### Task instructions
Where the line containing "constraints: 6 end" appears, end the copy there, keeping that line; start from the first line of the entries, copy exactly, and omit pictures.

Data records
++++++
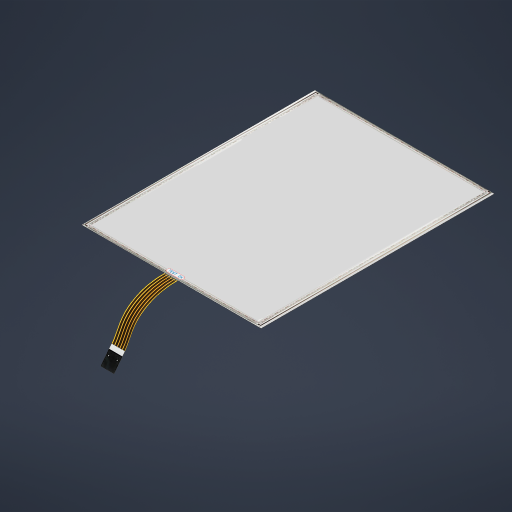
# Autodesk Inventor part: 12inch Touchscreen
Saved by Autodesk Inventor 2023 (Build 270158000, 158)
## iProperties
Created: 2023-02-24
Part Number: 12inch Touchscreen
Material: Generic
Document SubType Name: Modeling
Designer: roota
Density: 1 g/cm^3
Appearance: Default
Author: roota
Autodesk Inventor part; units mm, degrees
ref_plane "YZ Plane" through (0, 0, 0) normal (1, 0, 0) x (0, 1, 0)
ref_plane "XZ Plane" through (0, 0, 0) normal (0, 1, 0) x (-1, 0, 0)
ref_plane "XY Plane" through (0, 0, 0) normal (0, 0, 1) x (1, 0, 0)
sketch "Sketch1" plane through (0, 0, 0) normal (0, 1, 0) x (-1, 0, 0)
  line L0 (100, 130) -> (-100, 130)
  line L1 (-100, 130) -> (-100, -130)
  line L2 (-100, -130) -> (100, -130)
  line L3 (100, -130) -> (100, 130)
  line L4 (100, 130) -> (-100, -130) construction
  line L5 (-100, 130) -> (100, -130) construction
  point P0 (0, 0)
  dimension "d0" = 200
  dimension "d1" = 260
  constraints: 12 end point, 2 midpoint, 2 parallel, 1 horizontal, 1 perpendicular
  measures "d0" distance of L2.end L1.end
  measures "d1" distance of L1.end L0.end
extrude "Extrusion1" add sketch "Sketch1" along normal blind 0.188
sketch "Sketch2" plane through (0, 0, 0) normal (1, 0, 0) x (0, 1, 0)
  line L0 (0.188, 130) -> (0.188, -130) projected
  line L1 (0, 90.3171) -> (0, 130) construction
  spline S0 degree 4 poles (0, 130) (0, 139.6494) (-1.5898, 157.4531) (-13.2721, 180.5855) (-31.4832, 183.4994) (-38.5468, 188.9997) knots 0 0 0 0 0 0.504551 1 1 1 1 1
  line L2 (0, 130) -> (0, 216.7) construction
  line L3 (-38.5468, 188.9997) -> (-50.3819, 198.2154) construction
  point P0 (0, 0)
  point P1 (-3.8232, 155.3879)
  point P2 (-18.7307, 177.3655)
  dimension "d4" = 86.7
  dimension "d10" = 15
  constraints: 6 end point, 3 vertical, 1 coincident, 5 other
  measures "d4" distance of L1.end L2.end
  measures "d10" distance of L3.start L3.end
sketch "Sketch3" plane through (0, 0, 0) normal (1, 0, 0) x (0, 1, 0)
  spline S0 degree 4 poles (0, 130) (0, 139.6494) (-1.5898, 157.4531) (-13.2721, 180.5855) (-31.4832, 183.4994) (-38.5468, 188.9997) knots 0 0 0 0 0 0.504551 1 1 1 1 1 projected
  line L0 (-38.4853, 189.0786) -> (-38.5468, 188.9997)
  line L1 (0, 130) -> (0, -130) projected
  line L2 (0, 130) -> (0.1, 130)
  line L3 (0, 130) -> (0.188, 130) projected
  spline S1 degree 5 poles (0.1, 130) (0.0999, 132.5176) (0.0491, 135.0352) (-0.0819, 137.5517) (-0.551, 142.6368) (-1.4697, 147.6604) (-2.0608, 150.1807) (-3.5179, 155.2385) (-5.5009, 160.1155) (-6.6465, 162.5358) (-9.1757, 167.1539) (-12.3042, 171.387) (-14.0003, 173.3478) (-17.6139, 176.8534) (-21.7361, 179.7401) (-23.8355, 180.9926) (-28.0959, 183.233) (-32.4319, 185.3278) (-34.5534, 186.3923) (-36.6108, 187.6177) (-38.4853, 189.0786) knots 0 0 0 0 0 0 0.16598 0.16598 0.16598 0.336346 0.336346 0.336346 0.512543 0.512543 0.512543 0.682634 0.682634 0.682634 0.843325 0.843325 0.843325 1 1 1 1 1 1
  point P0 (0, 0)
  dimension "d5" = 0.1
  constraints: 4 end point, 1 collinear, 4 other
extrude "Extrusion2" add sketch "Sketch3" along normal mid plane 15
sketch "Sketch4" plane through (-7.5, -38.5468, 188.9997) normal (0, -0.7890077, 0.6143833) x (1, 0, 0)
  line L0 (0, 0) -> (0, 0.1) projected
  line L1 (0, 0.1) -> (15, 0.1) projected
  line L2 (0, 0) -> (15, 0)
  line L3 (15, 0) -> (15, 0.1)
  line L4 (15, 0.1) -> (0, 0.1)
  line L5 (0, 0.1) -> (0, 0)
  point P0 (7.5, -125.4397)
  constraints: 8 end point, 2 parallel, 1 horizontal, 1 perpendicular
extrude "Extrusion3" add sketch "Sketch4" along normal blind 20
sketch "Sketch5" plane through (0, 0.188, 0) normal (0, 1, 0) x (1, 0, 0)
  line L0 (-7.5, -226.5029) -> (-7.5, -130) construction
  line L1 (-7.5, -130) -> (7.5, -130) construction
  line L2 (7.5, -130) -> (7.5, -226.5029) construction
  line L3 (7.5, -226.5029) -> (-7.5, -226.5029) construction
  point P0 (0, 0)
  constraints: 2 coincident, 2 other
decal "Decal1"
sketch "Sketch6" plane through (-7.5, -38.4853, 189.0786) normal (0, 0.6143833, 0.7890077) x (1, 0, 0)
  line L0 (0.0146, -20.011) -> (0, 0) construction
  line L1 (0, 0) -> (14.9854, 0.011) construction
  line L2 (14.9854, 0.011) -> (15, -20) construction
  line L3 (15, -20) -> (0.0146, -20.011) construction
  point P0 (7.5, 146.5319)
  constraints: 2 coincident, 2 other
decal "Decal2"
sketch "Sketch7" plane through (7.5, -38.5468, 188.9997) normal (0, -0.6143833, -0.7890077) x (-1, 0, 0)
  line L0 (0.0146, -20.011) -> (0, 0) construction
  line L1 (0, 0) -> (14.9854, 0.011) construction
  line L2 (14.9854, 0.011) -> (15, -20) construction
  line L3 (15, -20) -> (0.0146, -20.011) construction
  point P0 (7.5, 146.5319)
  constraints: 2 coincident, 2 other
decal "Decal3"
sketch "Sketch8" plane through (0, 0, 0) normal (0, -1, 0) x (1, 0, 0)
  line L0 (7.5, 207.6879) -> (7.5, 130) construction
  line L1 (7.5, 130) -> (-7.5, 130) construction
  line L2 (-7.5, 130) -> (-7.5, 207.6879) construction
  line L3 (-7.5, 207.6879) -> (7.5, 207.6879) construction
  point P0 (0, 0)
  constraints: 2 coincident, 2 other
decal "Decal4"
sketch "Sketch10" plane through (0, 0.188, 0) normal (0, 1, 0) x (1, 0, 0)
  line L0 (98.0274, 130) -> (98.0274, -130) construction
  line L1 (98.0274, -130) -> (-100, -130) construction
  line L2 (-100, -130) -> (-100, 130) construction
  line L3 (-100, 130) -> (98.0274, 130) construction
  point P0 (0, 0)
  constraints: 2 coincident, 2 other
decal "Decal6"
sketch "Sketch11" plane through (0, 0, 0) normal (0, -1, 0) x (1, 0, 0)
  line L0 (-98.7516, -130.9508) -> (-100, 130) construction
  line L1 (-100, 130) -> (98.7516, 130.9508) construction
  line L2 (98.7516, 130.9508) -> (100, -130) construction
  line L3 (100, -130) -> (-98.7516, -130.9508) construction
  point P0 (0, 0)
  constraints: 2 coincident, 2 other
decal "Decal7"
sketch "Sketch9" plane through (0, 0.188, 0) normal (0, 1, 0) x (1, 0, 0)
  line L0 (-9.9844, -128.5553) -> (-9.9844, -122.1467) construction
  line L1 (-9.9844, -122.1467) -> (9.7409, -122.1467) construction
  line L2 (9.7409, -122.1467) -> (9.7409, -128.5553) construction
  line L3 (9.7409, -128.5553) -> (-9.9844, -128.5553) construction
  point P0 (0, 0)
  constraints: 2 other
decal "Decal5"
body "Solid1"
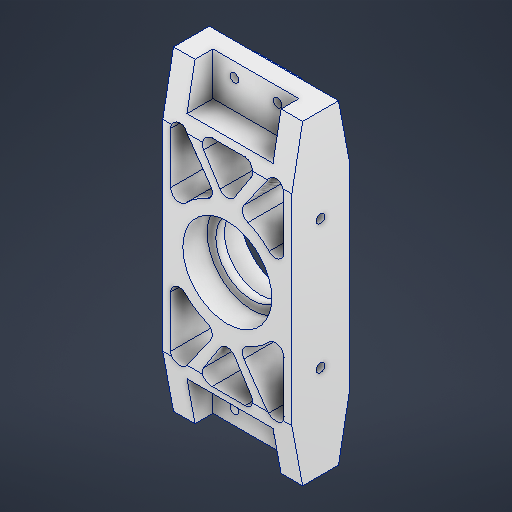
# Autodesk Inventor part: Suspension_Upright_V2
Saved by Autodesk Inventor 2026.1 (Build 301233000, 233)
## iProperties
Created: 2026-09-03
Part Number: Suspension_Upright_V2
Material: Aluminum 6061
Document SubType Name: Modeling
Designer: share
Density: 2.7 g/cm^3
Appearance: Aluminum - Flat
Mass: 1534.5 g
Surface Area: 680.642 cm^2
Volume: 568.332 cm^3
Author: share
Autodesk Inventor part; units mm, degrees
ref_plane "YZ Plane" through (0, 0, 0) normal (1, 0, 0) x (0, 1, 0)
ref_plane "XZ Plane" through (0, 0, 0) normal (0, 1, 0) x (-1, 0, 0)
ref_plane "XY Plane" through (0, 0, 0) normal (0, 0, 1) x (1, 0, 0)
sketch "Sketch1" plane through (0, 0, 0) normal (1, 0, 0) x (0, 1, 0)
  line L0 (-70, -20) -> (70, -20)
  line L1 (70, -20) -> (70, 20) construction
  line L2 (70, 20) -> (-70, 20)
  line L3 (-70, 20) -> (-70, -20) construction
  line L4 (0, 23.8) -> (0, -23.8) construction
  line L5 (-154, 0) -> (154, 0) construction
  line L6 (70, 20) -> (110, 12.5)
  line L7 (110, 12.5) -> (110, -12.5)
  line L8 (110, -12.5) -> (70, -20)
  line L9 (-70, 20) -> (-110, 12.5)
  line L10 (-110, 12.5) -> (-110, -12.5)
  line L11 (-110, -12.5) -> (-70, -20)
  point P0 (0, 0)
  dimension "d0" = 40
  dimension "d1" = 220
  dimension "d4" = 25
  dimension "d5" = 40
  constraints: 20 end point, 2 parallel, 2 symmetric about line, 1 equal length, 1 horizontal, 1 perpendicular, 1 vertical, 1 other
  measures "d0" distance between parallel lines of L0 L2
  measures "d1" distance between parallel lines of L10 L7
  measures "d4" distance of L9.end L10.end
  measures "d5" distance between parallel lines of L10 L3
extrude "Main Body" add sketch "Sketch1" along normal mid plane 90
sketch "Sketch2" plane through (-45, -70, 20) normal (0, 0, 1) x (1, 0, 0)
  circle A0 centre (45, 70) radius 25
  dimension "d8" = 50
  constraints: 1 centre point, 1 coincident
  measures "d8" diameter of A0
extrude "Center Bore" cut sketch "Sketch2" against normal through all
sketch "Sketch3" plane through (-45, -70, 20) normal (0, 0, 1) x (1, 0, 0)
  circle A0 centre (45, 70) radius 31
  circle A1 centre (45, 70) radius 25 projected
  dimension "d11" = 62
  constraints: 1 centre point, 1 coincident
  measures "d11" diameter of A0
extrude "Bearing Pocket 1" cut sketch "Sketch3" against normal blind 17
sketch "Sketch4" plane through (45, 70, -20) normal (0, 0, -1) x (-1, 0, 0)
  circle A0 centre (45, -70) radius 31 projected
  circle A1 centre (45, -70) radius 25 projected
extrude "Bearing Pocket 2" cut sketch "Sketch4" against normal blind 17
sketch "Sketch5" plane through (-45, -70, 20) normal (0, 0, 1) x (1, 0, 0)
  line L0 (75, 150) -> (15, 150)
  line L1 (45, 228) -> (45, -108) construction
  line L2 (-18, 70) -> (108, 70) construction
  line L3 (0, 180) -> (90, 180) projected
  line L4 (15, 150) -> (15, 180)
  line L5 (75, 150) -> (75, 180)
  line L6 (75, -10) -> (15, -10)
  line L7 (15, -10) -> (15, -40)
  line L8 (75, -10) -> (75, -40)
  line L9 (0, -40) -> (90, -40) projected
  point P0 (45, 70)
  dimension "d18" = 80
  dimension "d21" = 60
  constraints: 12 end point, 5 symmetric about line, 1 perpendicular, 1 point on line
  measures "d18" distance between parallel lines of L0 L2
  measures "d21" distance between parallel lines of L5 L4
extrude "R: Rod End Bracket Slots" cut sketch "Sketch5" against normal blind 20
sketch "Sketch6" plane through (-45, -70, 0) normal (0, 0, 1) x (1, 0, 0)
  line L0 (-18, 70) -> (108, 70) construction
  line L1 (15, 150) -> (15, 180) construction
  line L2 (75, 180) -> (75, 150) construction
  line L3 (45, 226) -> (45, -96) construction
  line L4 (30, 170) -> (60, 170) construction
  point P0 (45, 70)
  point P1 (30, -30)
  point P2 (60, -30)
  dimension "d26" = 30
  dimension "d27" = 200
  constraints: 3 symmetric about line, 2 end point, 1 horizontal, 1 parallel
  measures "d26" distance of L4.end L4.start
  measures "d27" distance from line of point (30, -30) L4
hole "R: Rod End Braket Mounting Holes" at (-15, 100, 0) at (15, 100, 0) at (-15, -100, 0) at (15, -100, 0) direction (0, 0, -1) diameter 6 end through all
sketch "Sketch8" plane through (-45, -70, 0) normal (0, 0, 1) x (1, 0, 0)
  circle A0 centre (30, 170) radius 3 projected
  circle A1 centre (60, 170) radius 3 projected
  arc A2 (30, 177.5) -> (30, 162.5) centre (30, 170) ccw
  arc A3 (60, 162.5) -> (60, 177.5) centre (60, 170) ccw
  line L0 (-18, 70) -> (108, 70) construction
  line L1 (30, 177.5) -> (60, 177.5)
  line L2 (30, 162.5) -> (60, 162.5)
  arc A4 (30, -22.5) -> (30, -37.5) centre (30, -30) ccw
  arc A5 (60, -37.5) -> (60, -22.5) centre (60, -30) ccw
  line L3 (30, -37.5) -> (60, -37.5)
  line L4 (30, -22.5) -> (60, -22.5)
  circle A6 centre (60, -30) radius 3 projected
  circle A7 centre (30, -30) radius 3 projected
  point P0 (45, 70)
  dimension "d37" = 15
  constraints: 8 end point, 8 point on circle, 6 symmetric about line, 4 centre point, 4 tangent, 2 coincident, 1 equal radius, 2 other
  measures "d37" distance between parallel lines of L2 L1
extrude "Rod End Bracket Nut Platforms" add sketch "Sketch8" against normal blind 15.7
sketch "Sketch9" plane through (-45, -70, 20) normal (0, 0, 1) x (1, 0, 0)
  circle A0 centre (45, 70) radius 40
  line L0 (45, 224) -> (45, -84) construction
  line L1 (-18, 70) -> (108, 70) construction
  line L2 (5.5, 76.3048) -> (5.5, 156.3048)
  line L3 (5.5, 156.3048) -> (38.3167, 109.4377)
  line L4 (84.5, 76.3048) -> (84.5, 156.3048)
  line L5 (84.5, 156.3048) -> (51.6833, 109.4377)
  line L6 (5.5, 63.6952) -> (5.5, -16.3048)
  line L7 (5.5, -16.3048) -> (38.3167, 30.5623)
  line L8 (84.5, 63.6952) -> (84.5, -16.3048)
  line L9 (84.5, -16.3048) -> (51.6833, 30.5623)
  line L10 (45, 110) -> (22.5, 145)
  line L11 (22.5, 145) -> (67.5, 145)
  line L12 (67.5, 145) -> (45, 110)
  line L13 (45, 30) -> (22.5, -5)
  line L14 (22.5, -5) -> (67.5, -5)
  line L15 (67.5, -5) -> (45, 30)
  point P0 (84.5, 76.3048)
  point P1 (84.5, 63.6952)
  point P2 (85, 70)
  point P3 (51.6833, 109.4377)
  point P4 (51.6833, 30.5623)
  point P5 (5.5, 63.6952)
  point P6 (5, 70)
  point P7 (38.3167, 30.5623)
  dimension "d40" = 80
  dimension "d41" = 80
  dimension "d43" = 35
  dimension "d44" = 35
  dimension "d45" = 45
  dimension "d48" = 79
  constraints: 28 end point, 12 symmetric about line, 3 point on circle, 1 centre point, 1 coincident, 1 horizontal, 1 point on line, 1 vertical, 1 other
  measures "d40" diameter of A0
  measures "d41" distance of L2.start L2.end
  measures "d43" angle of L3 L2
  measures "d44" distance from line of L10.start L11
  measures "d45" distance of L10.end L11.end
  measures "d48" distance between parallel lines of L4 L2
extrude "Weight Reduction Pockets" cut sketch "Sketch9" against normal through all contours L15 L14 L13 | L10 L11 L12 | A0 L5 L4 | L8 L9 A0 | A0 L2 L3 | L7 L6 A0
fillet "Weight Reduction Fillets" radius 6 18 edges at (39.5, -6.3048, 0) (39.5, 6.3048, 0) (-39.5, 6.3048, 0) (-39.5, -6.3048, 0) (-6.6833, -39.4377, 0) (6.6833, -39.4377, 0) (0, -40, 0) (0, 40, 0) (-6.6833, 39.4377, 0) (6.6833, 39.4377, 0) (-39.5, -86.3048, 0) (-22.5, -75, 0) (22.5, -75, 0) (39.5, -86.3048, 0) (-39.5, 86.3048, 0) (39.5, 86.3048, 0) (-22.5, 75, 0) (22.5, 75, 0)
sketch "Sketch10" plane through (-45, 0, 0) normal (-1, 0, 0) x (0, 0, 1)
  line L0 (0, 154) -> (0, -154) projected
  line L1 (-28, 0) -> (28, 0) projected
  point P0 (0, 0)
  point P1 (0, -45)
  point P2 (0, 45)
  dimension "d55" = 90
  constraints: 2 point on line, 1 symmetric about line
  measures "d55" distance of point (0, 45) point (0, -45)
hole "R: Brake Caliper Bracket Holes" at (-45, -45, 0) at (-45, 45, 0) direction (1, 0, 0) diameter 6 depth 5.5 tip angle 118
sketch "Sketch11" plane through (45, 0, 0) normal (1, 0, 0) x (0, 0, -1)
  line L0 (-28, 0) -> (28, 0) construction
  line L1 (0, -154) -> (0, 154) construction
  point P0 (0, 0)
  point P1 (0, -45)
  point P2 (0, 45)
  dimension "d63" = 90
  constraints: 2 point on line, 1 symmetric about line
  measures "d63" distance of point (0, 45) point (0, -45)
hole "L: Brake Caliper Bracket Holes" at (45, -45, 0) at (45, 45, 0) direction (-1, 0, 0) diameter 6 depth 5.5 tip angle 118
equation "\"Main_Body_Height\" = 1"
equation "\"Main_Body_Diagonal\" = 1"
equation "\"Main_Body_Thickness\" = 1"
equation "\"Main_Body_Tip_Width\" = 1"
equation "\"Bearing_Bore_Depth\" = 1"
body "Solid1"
++++++
### Written answer
# Autodesk Inventor part: 12inch Touchscreen
Saved by Autodesk Inventor 2023 (Build 270158000, 158)
## iProperties
Created: 2023-02-24
Part Number: 12inch Touchscreen
Material: Generic
Document SubType Name: Modeling
Designer: roota
Density: 1 g/cm^3
Appearance: Default
Author: roota
Autodesk Inventor part; units mm, degrees
ref_plane "YZ Plane" through (0, 0, 0) normal (1, 0, 0) x (0, 1, 0)
ref_plane "XZ Plane" through (0, 0, 0) normal (0, 1, 0) x (-1, 0, 0)
ref_plane "XY Plane" through (0, 0, 0) normal (0, 0, 1) x (1, 0, 0)
sketch "Sketch1" plane through (0, 0, 0) normal (0, 1, 0) x (-1, 0, 0)
  line L0 (100, 130) -> (-100, 130)
  line L1 (-100, 130) -> (-100, -130)
  line L2 (-100, -130) -> (100, -130)
  line L3 (100, -130) -> (100, 130)
  line L4 (100, 130) -> (-100, -130) construction
  line L5 (-100, 130) -> (100, -130) construction
  point P0 (0, 0)
  dimension "d0" = 200
  dimension "d1" = 260
  constraints: 12 end point, 2 midpoint, 2 parallel, 1 horizontal, 1 perpendicular
  measures "d0" distance of L2.end L1.end
  measures "d1" distance of L1.end L0.end
extrude "Extrusion1" add sketch "Sketch1" along normal blind 0.188
sketch "Sketch2" plane through (0, 0, 0) normal (1, 0, 0) x (0, 1, 0)
  line L0 (0.188, 130) -> (0.188, -130) projected
  line L1 (0, 90.3171) -> (0, 130) construction
  spline S0 degree 4 poles (0, 130) (0, 139.6494) (-1.5898, 157.4531) (-13.2721, 180.5855) (-31.4832, 183.4994) (-38.5468, 188.9997) knots 0 0 0 0 0 0.504551 1 1 1 1 1
  line L2 (0, 130) -> (0, 216.7) construction
  line L3 (-38.5468, 188.9997) -> (-50.3819, 198.2154) construction
  point P0 (0, 0)
  point P1 (-3.8232, 155.3879)
  point P2 (-18.7307, 177.3655)
  dimension "d4" = 86.7
  dimension "d10" = 15
  constraints: 6 end point, 3 vertical, 1 coincident, 5 other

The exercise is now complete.